> **ASSIGNED TASK**: Your job is to copy the lines from the material that include "linetype".

> **SOURCE DATA**:
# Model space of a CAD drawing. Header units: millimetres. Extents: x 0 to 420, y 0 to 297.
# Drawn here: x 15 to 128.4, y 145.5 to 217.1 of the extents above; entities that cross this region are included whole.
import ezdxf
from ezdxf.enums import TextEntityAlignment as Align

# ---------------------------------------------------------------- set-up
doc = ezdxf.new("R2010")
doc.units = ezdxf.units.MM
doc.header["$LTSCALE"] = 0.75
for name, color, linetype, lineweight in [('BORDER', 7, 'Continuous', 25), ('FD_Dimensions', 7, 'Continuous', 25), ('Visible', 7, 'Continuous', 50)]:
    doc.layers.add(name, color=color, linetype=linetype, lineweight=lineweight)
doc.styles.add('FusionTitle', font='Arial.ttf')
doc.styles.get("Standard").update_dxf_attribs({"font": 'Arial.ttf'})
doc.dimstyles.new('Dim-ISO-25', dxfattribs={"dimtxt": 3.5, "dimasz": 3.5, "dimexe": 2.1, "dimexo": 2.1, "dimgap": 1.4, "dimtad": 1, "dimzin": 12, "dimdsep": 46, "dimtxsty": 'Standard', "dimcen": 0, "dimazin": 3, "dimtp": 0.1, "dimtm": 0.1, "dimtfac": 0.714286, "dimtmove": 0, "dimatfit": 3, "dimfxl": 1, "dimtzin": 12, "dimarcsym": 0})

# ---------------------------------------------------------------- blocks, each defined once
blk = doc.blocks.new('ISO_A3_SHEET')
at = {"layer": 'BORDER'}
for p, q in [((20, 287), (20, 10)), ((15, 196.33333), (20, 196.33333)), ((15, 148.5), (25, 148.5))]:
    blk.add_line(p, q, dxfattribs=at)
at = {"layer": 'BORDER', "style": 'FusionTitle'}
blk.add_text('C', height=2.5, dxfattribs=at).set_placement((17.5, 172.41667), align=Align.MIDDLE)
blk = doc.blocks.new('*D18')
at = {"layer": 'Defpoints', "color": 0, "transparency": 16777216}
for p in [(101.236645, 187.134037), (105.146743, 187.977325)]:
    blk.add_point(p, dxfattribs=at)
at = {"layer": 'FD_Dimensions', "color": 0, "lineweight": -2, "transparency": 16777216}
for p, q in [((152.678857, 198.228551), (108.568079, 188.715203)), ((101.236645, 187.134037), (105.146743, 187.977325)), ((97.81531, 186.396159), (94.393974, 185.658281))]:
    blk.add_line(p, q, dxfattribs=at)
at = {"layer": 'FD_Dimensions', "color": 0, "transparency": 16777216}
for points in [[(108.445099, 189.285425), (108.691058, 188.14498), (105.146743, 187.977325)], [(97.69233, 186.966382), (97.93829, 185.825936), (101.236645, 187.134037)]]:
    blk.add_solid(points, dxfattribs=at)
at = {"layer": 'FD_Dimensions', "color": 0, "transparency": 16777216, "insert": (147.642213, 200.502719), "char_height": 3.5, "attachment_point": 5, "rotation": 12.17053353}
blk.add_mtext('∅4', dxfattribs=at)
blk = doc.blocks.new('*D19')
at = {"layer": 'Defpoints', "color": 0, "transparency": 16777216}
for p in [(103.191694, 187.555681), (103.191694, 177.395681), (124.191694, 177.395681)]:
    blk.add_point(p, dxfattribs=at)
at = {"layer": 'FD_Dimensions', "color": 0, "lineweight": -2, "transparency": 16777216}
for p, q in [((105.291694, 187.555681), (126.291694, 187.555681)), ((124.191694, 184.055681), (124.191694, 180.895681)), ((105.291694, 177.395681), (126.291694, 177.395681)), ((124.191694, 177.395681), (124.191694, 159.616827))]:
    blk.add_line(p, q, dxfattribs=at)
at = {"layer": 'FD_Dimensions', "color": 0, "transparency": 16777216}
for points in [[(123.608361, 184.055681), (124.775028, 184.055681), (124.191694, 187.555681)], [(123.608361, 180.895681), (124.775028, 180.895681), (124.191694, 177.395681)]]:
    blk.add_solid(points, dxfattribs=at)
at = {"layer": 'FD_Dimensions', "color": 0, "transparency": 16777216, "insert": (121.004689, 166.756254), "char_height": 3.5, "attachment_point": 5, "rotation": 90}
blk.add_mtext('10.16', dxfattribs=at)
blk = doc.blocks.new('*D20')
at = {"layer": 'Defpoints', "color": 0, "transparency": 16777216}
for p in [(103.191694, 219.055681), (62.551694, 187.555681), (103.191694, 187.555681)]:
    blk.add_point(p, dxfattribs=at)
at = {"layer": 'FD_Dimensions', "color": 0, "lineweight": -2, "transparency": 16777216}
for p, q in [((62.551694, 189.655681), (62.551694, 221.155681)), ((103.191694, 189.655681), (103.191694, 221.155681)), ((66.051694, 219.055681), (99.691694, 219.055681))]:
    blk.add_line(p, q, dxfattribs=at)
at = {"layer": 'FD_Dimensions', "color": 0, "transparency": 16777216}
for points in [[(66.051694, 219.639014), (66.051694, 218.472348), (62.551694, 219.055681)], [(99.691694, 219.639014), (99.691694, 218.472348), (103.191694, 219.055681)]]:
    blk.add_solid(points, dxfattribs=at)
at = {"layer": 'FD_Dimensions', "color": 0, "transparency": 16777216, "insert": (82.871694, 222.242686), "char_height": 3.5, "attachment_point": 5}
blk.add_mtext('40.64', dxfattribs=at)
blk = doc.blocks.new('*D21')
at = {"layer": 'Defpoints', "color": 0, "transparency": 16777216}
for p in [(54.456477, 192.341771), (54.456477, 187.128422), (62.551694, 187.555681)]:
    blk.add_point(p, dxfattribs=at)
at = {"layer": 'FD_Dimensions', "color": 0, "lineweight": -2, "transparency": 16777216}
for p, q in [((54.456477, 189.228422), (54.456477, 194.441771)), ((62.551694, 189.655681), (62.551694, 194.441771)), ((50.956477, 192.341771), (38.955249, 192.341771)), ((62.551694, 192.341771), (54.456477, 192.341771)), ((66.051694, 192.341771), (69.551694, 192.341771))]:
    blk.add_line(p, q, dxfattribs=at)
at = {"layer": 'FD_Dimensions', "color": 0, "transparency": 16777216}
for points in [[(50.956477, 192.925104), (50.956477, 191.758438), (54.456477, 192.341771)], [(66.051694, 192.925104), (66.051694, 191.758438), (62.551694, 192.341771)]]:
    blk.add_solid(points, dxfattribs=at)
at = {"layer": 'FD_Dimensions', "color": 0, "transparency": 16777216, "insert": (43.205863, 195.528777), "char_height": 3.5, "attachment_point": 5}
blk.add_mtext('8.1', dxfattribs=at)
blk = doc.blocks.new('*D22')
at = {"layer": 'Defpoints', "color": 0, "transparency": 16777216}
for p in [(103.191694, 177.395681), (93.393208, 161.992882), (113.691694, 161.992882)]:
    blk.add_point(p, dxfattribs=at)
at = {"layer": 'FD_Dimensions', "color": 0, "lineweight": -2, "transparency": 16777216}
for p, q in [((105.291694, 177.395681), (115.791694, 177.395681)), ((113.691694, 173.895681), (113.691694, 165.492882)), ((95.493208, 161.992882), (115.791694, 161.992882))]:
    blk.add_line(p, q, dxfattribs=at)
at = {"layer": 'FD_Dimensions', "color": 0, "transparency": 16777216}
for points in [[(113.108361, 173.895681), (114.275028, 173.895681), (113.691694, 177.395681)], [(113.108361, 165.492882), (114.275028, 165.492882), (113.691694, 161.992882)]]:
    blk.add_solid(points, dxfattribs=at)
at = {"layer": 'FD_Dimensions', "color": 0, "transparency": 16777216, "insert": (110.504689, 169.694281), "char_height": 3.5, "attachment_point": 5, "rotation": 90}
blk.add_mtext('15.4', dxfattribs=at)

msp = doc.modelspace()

> **RESPONSE BOX**:
for name, color, linetype, lineweight in [('BORDER', 7, 'Continuous', 25), ('FD_Dimensions', 7, 'Continuous', 25), ('Visible', 7, 'Continuous', 50)]:
    doc.layers.add(name, color=color, linetype=linetype, lineweight=lineweight)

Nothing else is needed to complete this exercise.